Rare Disease in India
Before the details of policy can be discussed, it’s important to have a broad understanding of the Indian health environment.
Though a largely modernized and technologically advanced country, there are many parts of India where access to regular travel or much needed health services can be limited. In these unusually insular communities, “rare” medical conditions can occur at much higher rates. Estimates vary considerably, but experts believe somewhere between 5 and 8% of Indians are living with a rare disease. Though this number may sound alarming on its own, in reality the figure may actually be even higher due to the prevalence of individuals who are poorly integrated into the state health system.

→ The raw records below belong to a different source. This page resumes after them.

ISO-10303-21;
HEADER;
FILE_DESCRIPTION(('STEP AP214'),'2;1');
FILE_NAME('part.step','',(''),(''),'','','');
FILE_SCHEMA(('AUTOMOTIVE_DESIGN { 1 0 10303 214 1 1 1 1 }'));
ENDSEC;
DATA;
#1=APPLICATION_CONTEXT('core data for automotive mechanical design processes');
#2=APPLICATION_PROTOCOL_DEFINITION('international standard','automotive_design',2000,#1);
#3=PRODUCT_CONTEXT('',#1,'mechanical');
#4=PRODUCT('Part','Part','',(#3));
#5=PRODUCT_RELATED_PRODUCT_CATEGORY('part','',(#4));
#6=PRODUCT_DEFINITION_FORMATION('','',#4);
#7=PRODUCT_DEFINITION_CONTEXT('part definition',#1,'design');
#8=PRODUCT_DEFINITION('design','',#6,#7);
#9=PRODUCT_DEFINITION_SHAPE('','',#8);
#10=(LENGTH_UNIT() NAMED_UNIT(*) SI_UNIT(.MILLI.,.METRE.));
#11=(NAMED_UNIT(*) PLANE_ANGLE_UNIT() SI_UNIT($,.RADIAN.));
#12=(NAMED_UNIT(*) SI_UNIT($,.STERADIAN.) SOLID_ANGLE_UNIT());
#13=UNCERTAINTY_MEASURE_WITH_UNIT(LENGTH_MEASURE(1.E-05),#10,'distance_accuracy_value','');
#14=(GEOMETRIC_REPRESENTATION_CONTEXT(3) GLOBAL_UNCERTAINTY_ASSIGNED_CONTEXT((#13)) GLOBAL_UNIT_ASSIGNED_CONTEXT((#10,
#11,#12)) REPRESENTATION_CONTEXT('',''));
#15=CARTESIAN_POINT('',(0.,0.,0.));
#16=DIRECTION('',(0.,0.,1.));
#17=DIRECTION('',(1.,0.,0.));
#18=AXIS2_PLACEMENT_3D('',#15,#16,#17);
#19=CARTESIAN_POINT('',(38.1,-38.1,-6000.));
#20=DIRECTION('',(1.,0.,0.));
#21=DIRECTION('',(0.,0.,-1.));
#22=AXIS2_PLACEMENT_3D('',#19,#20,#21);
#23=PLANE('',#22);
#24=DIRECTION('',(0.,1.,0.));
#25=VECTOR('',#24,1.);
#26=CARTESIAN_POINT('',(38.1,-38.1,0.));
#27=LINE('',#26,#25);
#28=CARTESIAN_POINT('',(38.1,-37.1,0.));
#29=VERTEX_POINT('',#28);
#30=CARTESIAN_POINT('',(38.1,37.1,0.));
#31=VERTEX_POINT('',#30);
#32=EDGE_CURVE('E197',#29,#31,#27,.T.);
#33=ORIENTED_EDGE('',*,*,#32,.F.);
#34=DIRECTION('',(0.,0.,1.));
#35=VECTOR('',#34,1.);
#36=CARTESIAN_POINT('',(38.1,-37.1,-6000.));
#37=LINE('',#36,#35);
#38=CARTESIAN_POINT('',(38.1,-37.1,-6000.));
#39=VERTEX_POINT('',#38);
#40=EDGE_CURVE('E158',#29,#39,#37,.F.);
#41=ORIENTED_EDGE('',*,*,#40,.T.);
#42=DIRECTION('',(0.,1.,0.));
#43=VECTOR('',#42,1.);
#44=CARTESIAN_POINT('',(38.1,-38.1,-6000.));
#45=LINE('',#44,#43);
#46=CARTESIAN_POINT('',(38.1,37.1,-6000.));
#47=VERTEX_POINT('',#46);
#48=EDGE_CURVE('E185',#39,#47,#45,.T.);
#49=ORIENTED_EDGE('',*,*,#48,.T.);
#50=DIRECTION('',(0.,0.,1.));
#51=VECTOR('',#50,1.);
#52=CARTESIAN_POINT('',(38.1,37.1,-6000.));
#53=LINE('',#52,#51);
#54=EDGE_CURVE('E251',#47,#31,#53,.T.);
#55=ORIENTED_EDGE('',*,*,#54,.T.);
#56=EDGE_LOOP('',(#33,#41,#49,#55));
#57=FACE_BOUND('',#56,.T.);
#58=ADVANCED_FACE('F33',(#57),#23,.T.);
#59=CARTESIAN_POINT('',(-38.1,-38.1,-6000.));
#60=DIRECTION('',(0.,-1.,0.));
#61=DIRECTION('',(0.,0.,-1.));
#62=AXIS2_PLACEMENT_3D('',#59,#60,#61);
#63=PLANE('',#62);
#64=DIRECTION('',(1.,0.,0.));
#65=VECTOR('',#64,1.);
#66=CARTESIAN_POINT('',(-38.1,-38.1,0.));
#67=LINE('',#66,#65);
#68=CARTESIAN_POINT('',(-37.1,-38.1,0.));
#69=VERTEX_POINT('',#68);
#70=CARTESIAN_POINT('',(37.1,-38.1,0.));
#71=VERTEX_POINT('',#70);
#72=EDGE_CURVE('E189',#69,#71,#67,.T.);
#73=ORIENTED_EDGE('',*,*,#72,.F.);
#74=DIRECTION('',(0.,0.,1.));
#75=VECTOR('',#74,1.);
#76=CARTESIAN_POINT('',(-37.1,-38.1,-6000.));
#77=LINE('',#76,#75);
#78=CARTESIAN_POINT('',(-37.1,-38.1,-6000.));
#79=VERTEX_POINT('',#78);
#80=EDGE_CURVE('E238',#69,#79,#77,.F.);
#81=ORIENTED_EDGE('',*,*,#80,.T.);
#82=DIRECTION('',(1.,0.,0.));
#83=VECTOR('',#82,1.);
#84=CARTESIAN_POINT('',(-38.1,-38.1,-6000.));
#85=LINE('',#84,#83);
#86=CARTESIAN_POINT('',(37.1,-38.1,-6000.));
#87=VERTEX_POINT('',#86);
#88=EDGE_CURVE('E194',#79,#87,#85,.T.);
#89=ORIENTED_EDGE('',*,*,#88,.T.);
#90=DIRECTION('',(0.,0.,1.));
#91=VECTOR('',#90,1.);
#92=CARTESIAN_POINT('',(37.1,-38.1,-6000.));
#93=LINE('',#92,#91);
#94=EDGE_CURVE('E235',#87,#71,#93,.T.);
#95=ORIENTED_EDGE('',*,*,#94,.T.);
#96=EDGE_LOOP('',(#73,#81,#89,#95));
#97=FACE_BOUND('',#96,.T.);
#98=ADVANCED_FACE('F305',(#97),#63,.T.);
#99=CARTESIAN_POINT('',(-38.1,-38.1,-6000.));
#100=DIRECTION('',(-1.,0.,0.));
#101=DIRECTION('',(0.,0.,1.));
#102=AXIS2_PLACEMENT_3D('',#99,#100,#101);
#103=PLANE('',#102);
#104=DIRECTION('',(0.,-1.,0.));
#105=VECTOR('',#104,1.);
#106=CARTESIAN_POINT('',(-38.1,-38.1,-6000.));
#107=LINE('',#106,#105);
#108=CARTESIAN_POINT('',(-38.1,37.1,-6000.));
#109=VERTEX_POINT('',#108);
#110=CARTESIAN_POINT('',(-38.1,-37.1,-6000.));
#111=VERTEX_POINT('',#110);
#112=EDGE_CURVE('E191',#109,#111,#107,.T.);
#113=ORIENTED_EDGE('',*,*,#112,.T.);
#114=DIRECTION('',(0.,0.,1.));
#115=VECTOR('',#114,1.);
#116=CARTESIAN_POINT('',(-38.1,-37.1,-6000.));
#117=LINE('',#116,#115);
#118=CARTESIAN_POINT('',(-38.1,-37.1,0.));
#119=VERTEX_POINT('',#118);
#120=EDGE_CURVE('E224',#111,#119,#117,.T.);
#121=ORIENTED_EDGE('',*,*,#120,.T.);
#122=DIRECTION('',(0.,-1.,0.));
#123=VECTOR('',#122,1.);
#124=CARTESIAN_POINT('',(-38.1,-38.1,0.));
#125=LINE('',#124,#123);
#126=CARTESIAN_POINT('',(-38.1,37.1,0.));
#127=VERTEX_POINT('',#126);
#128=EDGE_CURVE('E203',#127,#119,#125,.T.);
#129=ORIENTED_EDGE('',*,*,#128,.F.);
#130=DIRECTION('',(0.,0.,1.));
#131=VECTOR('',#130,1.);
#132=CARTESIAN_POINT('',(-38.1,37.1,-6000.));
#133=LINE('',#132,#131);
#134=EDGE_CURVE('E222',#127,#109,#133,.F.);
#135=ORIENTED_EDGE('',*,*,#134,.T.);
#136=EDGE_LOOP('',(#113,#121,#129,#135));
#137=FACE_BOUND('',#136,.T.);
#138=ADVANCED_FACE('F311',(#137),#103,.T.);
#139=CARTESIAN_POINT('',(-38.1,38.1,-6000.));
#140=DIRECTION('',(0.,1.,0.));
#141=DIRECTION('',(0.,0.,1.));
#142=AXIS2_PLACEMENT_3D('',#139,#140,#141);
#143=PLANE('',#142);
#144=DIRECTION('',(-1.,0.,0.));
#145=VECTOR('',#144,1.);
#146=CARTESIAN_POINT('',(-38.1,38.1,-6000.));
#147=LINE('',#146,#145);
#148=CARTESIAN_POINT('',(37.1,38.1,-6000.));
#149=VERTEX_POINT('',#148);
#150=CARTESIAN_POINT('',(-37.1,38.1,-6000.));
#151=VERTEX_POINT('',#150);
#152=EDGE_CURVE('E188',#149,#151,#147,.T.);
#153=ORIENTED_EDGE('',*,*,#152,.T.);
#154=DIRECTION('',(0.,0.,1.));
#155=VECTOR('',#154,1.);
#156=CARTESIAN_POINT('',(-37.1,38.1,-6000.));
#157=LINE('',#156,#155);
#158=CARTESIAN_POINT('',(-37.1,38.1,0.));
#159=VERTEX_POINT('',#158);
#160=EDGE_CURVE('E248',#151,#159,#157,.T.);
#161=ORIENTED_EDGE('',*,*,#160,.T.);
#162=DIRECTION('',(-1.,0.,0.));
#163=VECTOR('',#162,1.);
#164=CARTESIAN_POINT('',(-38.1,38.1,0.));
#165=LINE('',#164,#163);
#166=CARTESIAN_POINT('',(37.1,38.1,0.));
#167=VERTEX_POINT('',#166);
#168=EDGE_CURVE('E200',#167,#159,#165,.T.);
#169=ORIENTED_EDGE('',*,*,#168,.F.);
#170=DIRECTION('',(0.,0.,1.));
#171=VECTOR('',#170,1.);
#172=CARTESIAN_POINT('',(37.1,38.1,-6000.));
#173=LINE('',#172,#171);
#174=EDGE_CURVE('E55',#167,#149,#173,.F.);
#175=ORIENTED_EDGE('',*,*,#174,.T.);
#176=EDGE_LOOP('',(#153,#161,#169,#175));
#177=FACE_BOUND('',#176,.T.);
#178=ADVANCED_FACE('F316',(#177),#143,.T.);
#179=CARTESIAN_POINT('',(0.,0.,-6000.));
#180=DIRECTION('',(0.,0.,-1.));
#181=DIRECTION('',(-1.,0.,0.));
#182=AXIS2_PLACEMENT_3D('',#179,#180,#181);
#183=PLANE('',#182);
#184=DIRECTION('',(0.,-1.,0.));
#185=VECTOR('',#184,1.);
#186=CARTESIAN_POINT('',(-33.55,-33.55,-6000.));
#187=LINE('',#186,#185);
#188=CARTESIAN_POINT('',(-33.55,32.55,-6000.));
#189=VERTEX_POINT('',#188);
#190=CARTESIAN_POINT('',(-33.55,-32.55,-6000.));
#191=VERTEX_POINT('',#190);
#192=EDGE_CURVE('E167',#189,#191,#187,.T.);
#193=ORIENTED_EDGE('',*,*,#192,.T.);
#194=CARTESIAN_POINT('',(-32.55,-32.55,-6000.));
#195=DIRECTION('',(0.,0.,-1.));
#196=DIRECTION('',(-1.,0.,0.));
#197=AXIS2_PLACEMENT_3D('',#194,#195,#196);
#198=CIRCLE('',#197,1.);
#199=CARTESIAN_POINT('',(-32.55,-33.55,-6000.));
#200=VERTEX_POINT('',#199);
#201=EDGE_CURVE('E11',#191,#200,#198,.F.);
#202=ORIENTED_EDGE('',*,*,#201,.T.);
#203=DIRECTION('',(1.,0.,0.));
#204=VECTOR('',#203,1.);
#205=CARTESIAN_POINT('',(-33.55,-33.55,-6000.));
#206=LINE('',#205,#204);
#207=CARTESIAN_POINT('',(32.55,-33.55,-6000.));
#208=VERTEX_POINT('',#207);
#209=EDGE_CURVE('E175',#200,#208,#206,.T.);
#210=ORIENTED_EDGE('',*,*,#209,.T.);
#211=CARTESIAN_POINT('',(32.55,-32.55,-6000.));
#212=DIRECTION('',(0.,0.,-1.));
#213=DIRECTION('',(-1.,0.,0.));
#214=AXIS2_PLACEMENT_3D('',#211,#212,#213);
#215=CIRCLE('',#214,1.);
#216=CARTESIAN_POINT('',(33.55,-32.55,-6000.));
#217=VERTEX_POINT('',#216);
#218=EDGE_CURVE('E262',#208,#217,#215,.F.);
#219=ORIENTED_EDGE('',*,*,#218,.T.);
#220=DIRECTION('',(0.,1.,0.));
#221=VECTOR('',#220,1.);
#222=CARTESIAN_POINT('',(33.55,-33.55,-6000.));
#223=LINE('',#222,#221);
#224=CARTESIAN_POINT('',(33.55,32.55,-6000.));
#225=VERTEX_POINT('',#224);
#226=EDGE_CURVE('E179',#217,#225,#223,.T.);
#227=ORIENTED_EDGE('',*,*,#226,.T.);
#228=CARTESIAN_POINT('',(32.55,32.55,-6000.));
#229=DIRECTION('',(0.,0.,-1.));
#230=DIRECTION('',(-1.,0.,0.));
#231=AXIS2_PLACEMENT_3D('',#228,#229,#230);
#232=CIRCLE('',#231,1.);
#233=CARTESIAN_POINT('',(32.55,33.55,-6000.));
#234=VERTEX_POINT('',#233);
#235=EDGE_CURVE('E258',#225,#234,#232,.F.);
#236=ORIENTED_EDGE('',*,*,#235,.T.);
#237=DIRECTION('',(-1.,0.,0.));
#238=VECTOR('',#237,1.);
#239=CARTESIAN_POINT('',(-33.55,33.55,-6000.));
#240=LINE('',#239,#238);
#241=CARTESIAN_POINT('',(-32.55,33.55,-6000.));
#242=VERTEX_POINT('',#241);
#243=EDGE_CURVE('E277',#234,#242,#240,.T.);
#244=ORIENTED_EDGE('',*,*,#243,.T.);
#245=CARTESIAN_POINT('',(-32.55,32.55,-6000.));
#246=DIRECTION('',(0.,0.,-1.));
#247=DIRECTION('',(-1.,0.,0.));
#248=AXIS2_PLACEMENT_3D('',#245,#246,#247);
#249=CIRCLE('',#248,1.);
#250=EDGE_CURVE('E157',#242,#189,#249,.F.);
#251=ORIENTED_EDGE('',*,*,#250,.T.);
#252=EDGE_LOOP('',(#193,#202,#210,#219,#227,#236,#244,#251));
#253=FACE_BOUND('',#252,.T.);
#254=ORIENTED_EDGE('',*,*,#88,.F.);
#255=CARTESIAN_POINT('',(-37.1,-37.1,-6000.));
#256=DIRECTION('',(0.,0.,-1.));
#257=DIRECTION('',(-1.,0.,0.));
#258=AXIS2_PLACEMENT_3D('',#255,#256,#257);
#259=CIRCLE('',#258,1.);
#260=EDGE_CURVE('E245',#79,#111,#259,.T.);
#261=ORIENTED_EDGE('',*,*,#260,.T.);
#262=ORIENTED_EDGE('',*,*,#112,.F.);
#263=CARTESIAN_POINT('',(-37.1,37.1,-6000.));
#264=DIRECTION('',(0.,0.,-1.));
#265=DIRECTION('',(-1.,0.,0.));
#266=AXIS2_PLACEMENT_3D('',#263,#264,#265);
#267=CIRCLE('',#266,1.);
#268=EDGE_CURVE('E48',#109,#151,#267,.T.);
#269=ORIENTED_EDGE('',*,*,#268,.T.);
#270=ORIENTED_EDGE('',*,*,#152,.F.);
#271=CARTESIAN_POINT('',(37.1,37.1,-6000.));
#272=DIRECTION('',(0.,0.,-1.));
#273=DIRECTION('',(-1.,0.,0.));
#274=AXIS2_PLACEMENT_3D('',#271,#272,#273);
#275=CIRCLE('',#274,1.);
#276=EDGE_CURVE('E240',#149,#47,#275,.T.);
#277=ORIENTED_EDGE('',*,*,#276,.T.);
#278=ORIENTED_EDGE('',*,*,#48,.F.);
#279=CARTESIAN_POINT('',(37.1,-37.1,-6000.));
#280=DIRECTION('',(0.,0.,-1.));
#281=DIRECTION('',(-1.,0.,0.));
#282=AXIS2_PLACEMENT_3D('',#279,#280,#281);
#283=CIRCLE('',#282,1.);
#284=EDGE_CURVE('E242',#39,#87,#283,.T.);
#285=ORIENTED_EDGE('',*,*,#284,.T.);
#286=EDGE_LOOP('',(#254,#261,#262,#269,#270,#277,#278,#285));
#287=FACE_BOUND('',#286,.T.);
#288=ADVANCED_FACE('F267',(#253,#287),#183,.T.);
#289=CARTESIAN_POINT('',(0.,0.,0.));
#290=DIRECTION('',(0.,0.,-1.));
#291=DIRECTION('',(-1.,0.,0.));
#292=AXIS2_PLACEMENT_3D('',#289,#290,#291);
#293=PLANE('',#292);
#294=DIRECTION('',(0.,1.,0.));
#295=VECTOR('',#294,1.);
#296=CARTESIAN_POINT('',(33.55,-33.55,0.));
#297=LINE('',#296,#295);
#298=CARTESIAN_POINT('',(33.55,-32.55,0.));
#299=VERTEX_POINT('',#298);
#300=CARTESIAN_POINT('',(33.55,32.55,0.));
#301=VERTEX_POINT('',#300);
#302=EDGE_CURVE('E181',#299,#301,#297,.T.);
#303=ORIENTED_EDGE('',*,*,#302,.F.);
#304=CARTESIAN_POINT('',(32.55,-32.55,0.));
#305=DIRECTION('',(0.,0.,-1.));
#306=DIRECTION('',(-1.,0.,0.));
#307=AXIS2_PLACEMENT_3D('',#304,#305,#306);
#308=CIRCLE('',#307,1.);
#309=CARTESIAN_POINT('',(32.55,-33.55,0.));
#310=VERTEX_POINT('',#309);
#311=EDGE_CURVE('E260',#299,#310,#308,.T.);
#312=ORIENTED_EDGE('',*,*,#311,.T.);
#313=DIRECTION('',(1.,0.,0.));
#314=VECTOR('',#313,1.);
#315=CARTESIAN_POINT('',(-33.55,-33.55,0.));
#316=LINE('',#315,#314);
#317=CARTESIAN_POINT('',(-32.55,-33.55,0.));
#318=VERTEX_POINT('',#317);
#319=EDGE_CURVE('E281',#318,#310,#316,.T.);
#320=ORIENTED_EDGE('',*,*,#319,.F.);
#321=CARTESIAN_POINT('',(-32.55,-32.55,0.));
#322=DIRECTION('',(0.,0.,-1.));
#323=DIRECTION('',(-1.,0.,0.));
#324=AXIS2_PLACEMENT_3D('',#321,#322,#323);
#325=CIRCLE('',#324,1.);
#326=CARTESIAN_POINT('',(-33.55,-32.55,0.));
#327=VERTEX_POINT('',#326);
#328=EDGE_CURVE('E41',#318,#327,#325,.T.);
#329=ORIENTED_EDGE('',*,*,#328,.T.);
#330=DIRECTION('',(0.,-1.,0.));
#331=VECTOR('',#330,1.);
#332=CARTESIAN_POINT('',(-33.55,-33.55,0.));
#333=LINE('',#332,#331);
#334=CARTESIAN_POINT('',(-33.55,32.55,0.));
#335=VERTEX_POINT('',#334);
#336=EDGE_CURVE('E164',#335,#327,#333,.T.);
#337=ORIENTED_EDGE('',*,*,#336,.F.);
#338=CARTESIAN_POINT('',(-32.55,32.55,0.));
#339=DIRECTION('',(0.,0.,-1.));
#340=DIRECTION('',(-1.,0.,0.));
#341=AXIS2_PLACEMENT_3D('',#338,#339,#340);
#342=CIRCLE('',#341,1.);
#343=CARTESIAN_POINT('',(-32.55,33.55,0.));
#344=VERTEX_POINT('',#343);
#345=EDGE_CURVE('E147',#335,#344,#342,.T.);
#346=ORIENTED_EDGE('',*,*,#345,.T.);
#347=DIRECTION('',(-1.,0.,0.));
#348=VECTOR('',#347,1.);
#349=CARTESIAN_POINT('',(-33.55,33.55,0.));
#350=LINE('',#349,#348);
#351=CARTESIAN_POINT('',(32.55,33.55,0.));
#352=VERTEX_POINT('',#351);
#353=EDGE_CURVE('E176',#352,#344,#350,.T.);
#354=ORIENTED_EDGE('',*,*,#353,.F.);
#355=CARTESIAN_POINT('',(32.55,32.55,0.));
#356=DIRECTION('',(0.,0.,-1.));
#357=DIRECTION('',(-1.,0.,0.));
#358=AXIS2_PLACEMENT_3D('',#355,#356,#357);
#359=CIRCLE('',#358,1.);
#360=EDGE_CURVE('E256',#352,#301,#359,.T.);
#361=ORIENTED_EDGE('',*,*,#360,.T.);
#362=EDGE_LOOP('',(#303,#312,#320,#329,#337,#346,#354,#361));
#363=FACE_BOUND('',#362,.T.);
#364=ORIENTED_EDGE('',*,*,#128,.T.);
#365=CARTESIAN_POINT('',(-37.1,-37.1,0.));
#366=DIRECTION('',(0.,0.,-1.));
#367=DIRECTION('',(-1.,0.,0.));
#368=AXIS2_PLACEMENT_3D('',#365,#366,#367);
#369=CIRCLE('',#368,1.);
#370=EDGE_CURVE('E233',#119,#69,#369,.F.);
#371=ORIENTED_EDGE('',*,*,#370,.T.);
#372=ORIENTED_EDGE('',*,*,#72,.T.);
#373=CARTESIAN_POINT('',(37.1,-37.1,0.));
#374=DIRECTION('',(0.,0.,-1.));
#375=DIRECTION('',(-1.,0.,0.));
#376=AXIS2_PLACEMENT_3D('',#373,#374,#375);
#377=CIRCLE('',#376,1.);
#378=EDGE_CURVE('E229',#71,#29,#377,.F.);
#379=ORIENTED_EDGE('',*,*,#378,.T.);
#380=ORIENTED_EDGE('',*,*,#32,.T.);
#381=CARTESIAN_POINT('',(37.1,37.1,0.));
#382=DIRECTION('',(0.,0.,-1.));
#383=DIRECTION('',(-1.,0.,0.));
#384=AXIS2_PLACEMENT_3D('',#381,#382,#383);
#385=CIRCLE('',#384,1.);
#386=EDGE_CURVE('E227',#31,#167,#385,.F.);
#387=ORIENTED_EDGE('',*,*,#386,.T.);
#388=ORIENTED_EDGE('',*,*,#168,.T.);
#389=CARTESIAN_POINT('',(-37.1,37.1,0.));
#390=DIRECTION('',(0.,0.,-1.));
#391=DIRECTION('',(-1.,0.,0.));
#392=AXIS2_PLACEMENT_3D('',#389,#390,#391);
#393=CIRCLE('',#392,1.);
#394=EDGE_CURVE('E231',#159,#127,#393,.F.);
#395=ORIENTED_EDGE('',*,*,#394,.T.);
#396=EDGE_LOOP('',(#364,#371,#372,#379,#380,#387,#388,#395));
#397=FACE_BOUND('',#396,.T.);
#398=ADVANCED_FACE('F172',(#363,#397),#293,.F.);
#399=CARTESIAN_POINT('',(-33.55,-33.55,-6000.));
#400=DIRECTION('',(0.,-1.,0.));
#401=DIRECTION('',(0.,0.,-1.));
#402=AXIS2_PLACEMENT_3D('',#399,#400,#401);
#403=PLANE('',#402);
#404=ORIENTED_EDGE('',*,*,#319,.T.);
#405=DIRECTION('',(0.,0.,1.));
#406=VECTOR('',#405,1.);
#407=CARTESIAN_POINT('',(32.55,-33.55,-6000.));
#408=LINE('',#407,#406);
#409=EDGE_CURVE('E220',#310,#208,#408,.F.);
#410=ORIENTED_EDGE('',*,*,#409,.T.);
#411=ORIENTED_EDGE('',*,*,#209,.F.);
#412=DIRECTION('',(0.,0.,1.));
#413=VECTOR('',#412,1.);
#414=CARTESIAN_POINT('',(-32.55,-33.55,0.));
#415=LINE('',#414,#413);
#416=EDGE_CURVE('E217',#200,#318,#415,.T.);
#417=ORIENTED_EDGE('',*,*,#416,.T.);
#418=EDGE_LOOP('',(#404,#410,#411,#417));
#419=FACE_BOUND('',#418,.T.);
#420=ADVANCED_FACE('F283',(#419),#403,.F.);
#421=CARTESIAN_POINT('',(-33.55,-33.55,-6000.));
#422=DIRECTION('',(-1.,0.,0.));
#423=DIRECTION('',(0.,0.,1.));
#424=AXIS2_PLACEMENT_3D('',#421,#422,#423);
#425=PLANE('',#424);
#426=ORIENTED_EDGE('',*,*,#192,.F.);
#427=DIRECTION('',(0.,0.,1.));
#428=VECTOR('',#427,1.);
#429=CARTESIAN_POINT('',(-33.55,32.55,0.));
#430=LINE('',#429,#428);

The National Policy for Treatment of Rare Diseases
The National Policy for Treatment of Rare Diseases (or NPTRD) is the official name of the policy initiative that was first handed to the National Health Mission (NHM) for consideration in 2017. The National Health Mission is an arm of the larger Ministry of Health and Family Welfare, tasked with providing and improving medical care to under-served areas of the country.
Early drafts of the NPTRD allotted roughly $14.5 million to the new program. This money was to be supplementary, however – for every 4 parts paid by the NHM through the NPTRD, the local state government was expected to pay 6 parts. That means most of the money dispensed to rare disease patients would come from their own local government.
In early 2018, the first draft of the NPTRD was published with the expectation that the NHM implement the initiative by September of the same year. In December, however, a last-minute committee was formed by the Ministry of Health to “draft a revised policy.”
Squabbles arose over particulars of the policy’s execution. Suddenly, politicians were concerned over the allocation of such funding for so-called “tertiary diseases” (chronic conditions that are managed, not cured). It seems the implication was that treatment of “primary” (diseases that could be prevented, e.g. measles) and “secondary” conditions (diseases that can be detected early and limited with treatment) were within the purview of the NHM while treatment of “tertiary” conditions was not. Simply put, some in the government didn’t want to spend money on conditions that couldn’t be cured outright.
A general lack of consensus seems to characterize the current debate over the NPTRD. Politicians and taxpayers alike aren’t sure where state funding should end and NPTRD support begin. Under current language, applicants for NPTRD funding must be approved by their local state’s technical committee and then nominated to the NHM – even then, however, there is no binding legal language requiring the NHM to dispense the money. All approvals would be at the discretion of NPTRD and NHM officials.
The sustained delays preventing the NPTRD’s taking effect will undoubtedly impact India’s rare disease community. Patients like Pritesh, an anonymous 26-year-old from Gujarat with mucopolysaccharidosis II (MPS II), could die while politicians wrestle with legal concerns.
According to Shashank Tyagi, the secretary and national coordinator for India’s Lysosomal Storage Disorders Support Society, fewer than 50 doctors in India specialize in rare disease treatment. Since there may be as many as 80,000,000 living in India with a rare disease, each rare disease doctor could be responsible for over 1.5 million patients. The startling figure highlights the serious need for India to improve medical infrastructure around the country – especially for rare diseases in rural areas.